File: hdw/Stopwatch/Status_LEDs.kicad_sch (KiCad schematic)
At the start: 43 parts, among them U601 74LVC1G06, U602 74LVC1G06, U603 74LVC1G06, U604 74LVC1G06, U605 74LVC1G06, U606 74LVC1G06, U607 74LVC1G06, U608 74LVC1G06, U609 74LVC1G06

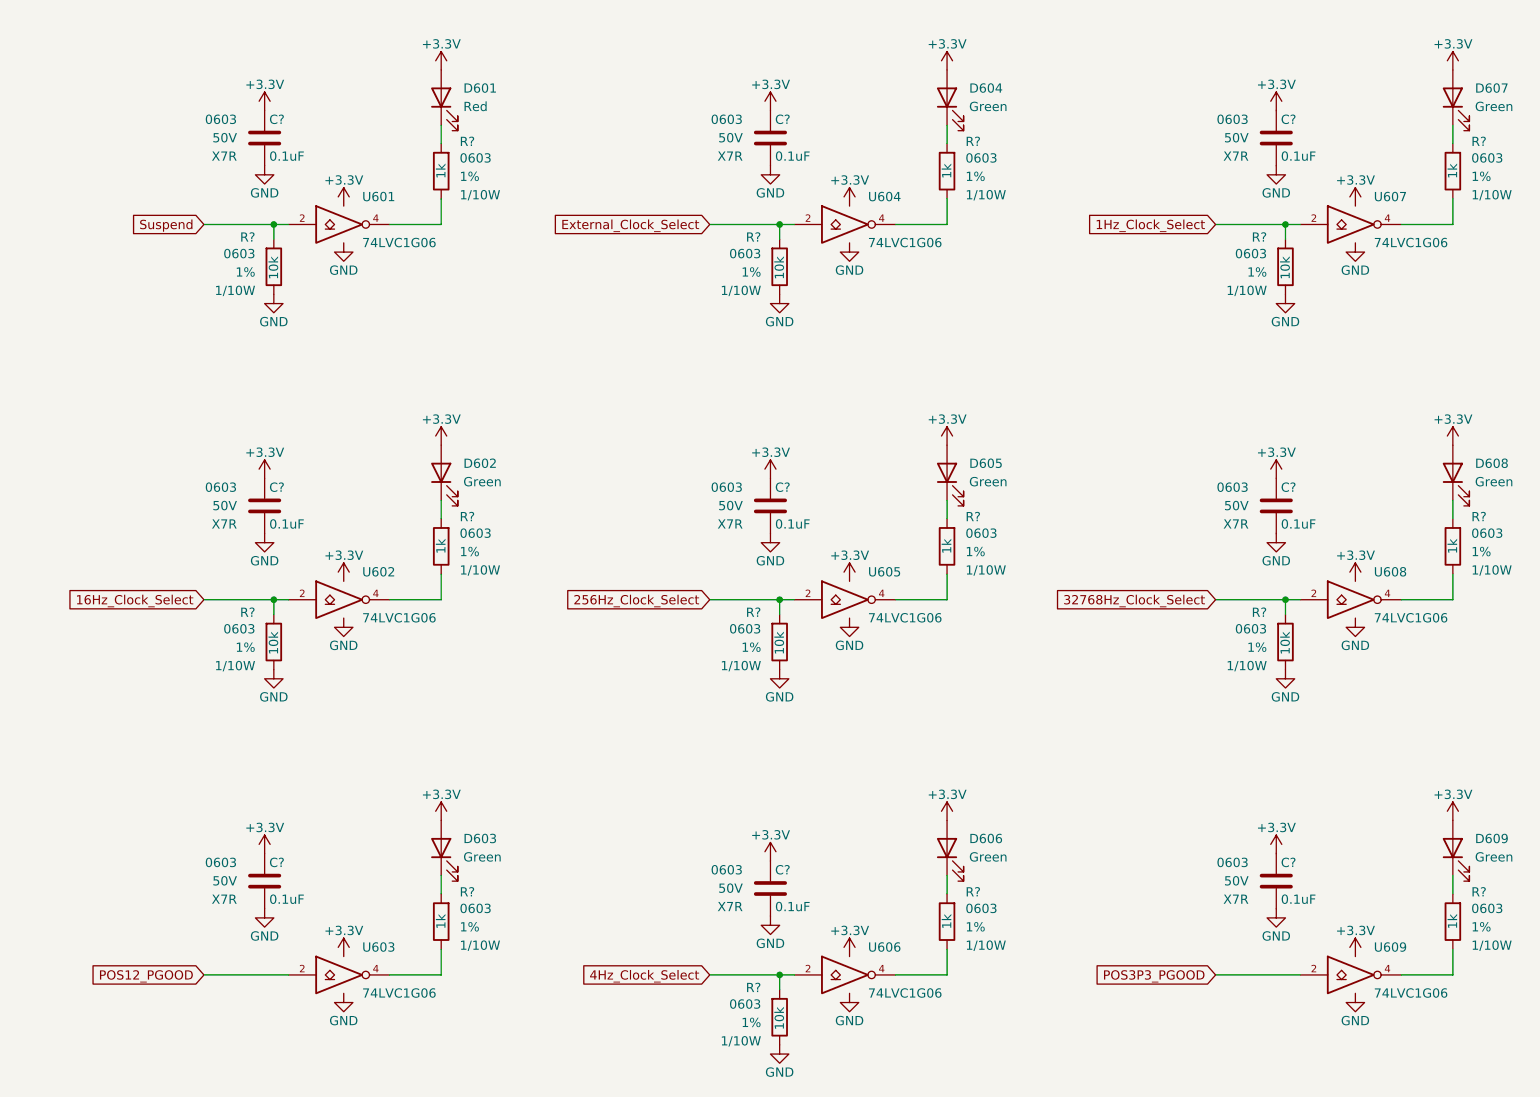
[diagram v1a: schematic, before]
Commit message: adjusted stage sheet
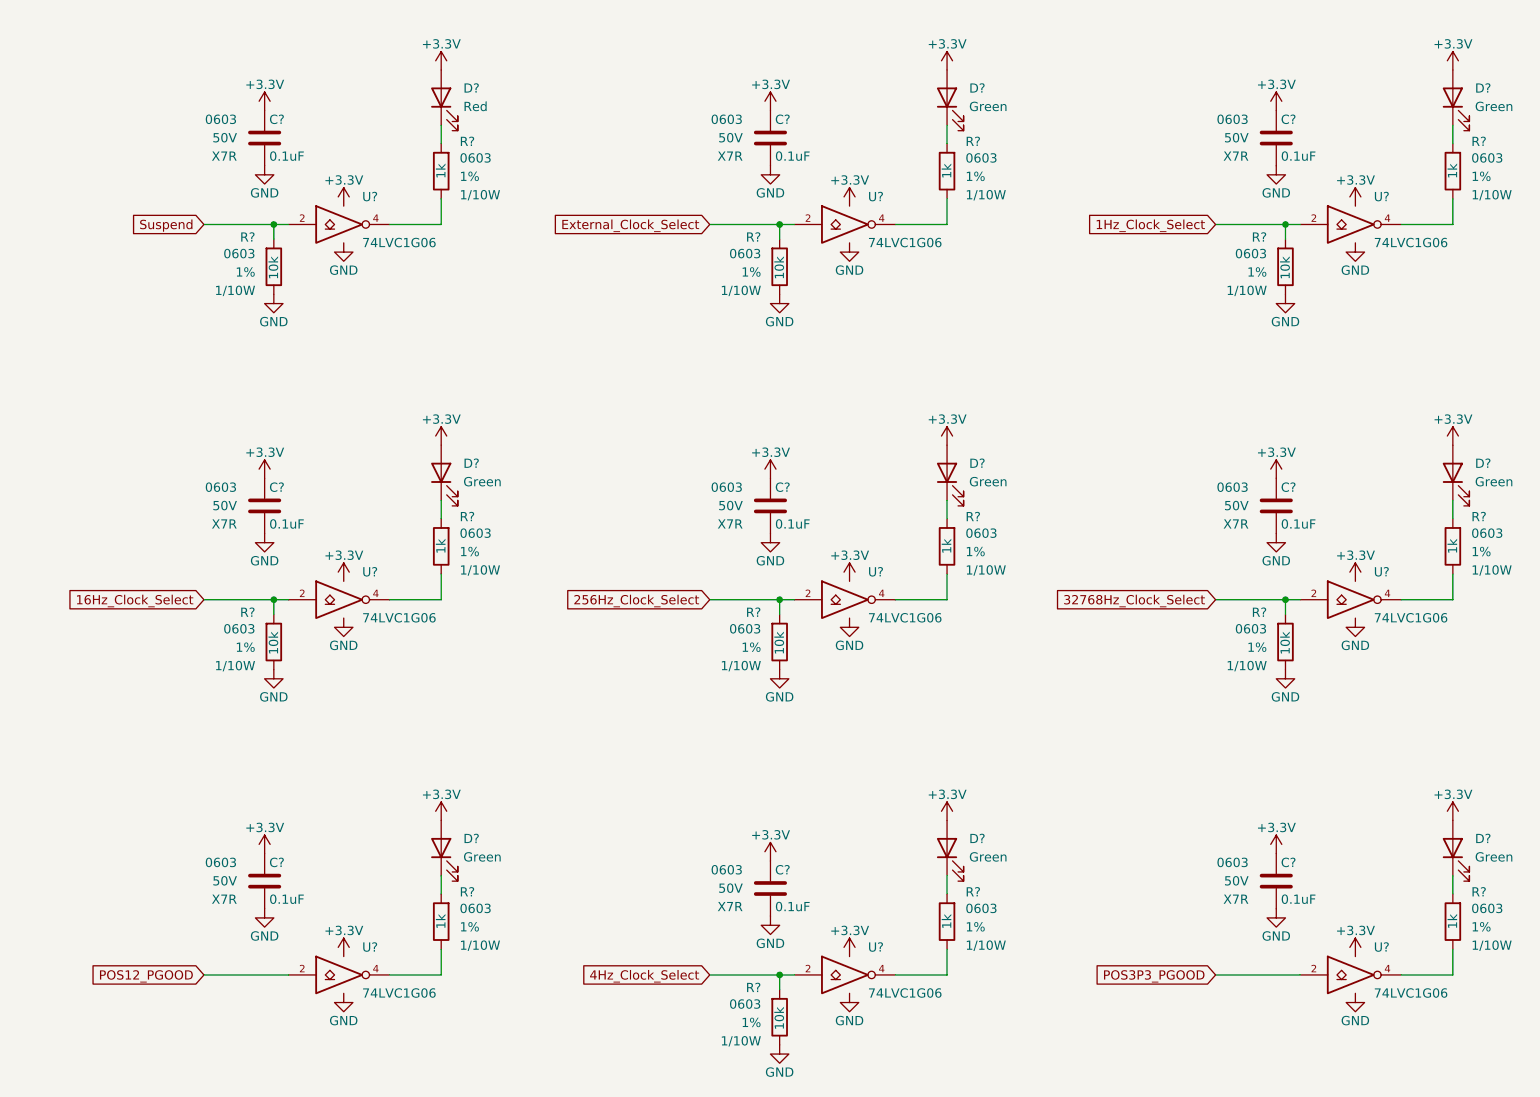
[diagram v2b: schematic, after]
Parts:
- renumbered D603 to D?, D601 to D?, D604 to D?, D607 to D?, D606 to D?, D602 to D?, D605 to D?, D608 to D?, D609 to D?, U603 to U?, U601 to U?, U604 to U?, U607 to U?, U606 to U?, U602 to U?, U605 to U?, U608 to U?, U609 to U?

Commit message: added reset stuff
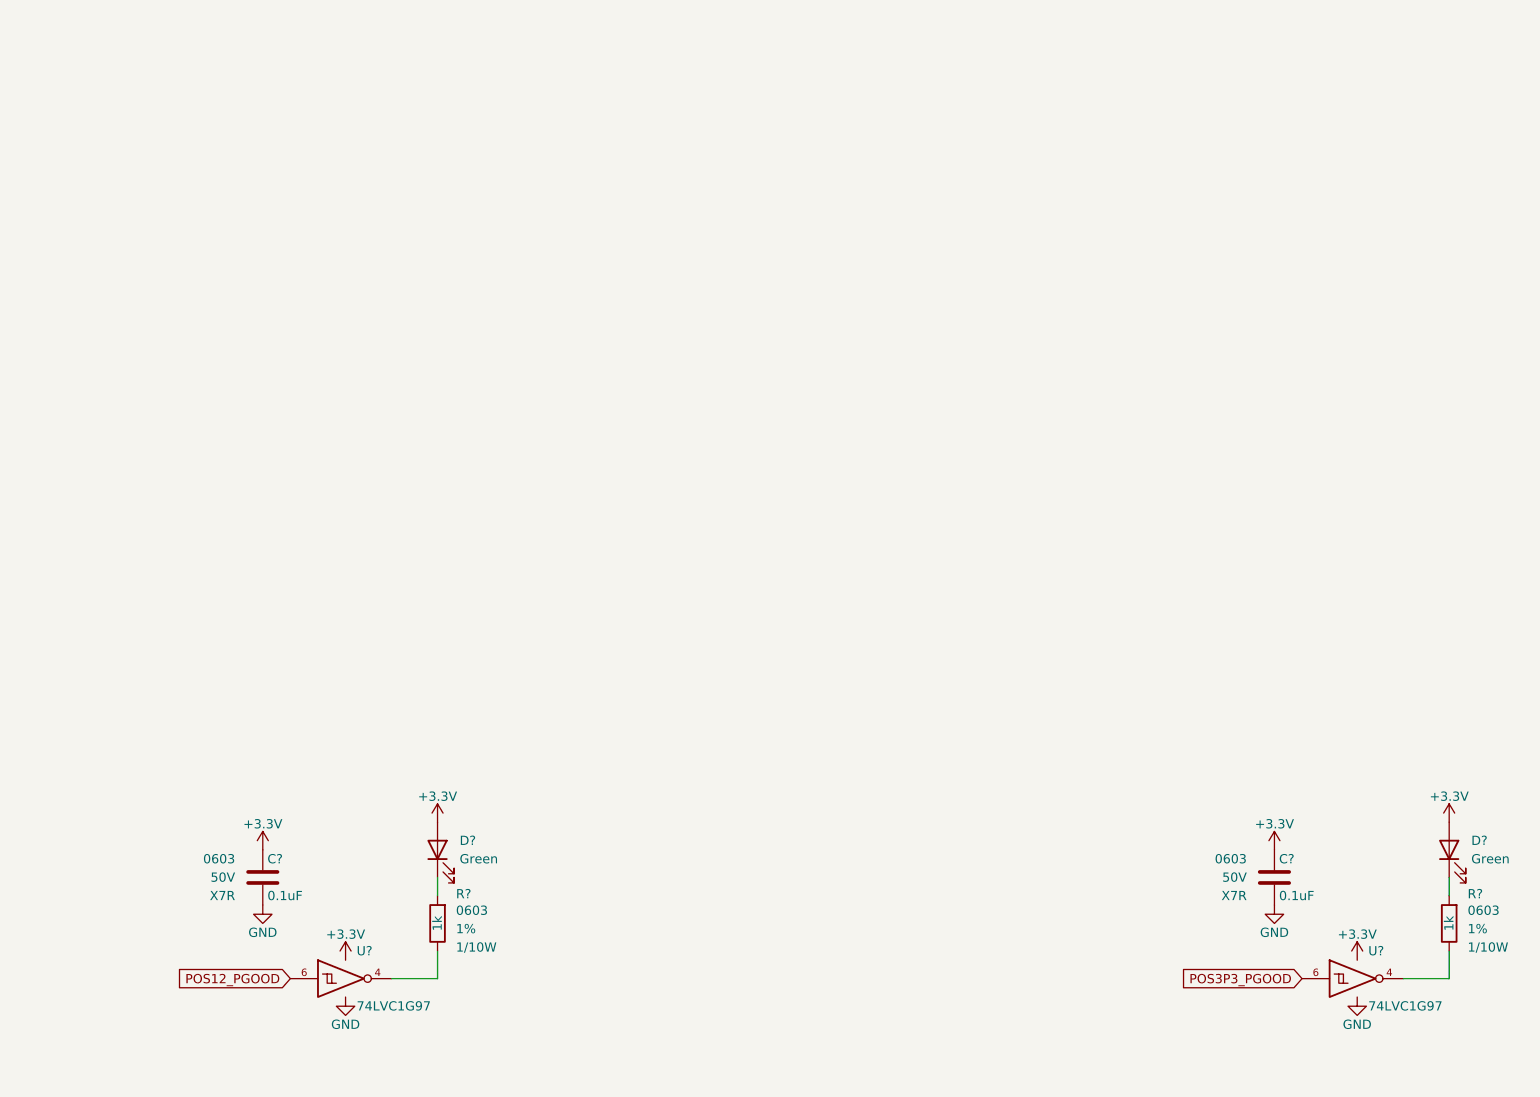
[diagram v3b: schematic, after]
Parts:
- removed C? (x7): 0.1uF, Capacitors_SMD:C_0603, symbol Custom_Library:C_Custom
- removed D?: Red, LEDs:LED_0603, symbol Device:LED
- removed D? (x6): Green, LEDs:LED_0603, symbol Device:LED
- removed R? (x7): 10k, Resistors_SMD:R_0603, symbol Custom_Library:R_Custom
- removed R? (x7): 1k, Resistors_SMD:R_0603, symbol Custom_Library:R_Custom
- removed U? (x9): 74LVC1G06, TO_SOT_Packages_SMD:SOT-353_SC-70-5, symbol Custom_Library:74LVC1G06_Power
- added U? (x2): 74LVC1G97, Package_TO_SOT_SMD:SOT-363_SC-70-6, symbol Custom Library:74LVC1G97_Power_NOT
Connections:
- net +3V3: now also U?.1 (VCC), U?.1 (VCC), U?.5 (VCC), U?.5 (VCC)
- net GND: now also U?.2 (GND), U?.2 (GND), U?.3 (GND), U?.3 (GND)
- net POS12_PGOOD: now also U?.6
- net POS3P3_PGOOD: now also U?.6
- net at R?.2: now also U?.4 (x2)
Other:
- moved on the sheet: C?, D?, R?

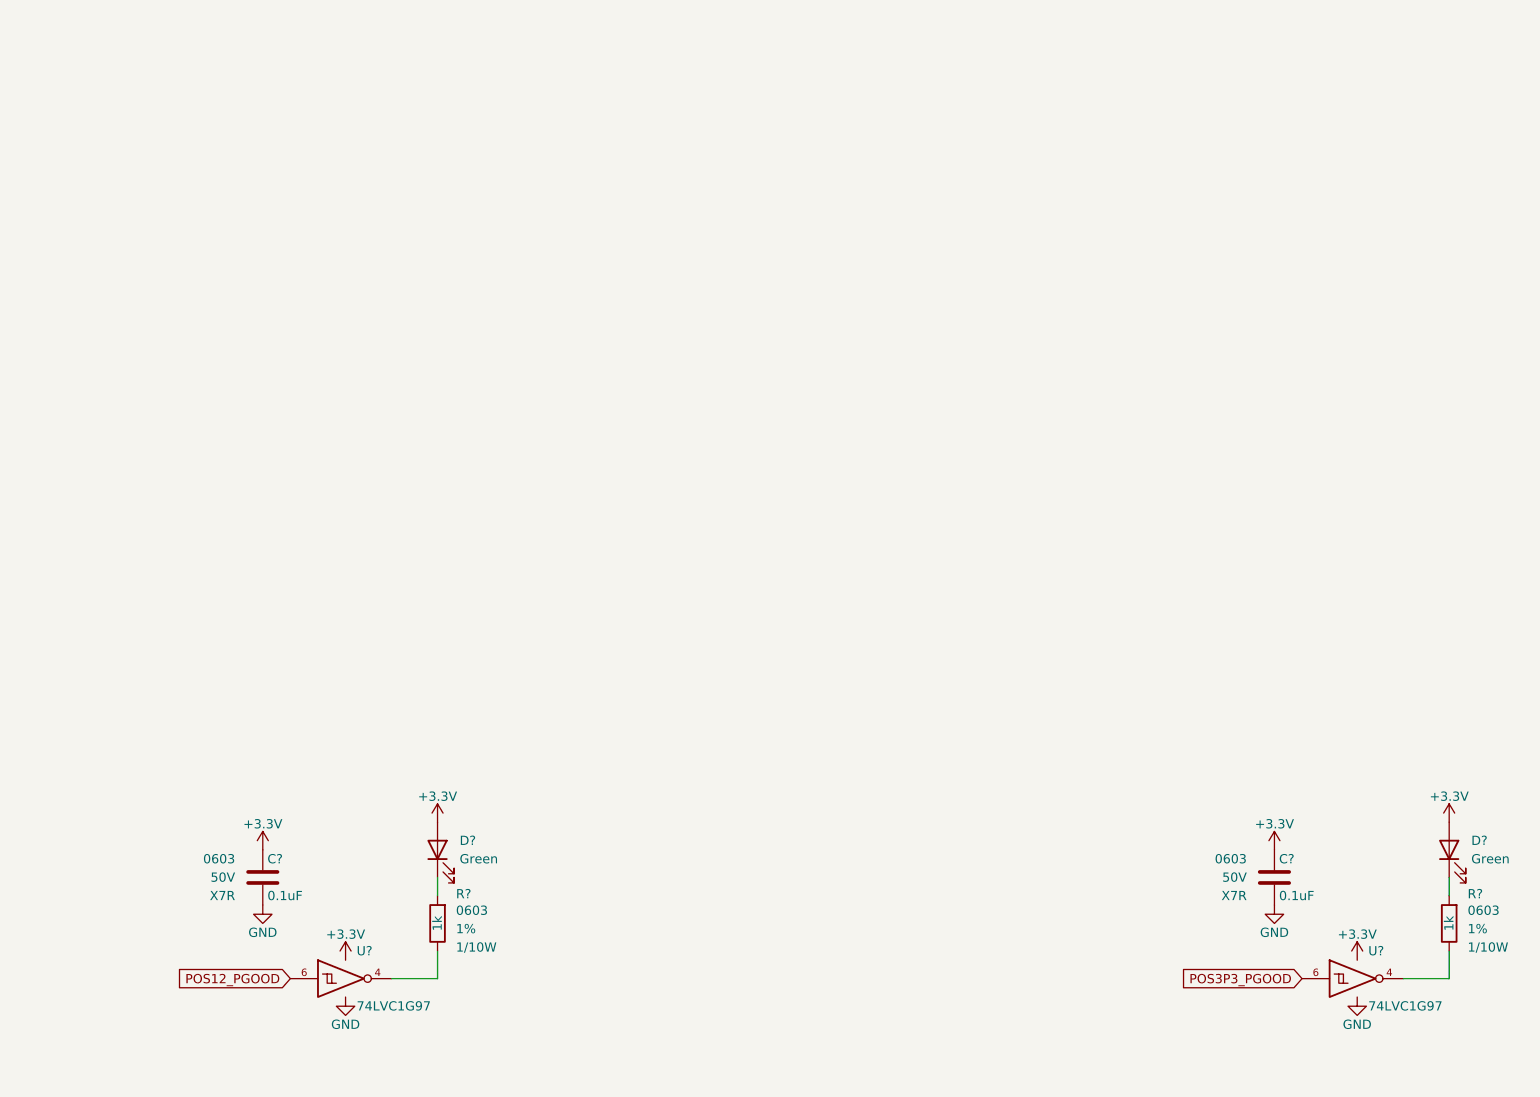
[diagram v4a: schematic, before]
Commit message: reordered schematic sheets
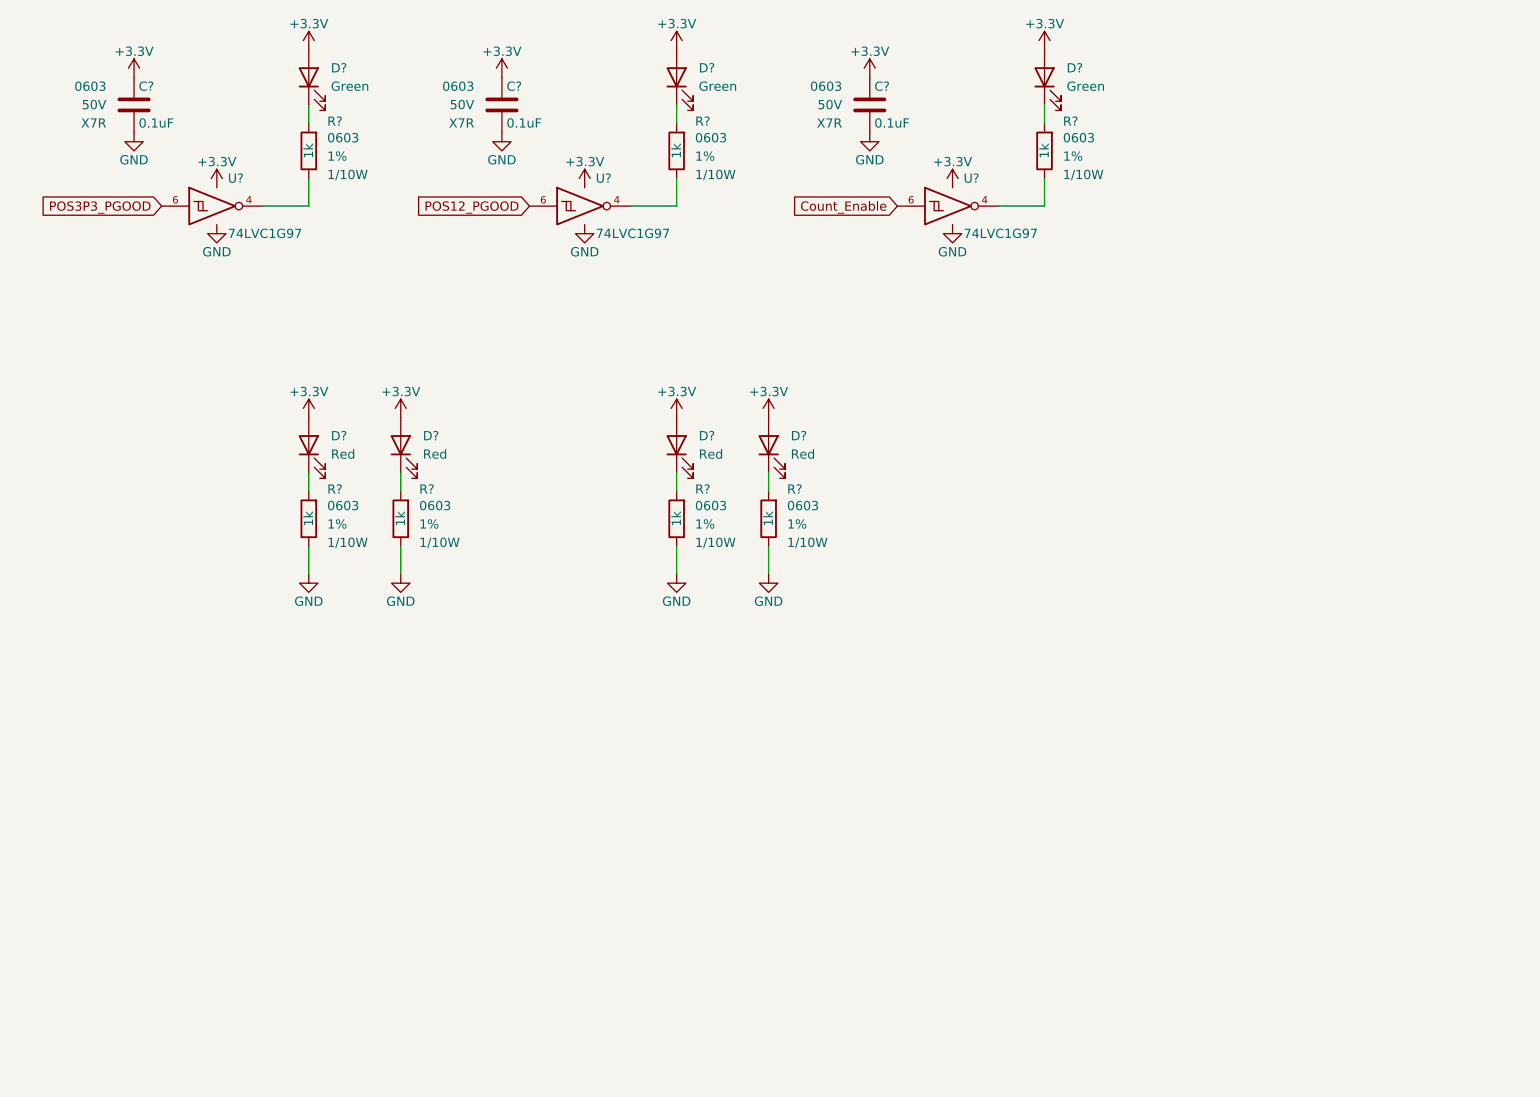
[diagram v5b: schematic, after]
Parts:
- added C?: 0.1uF, Capacitors_SMD:C_0603, symbol Custom_Library:C_Custom
- added D? (x4): Red, LEDs:LED_0603, symbol Device:LED
- added D?: Green, LEDs:LED_0603, symbol Device:LED
- added R? (x5): 1k, Resistors_SMD:R_0603, symbol Custom_Library:R_Custom
- added U?: 74LVC1G97, Package_TO_SOT_SMD:SOT-363_SC-70-6, symbol Custom Library:74LVC1G97_Power_NOT
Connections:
- net +3V3: now also C?.1, D?.2 (A), D?.2 (A), D?.2 (A), D?.2 (A), D?.2 (A), U?.1 (VCC), U?.5 (VCC)
- net GND: now also C?.2, R?.2, R?.2, R?.2, R?.2, U?.2 (GND), U?.3 (GND)
- new net: D?.1 (K), R?.1 (x5)
- new net: R?.2, U?.4
- new net Count_Enable: U?.6
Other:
- moved on the sheet: C?, D?, R?, U?

◆ **What you should do**:
For every line of the entries above that holds "after", add one to a tally, and report only the final count.

◆ **Output for this exercise**:
3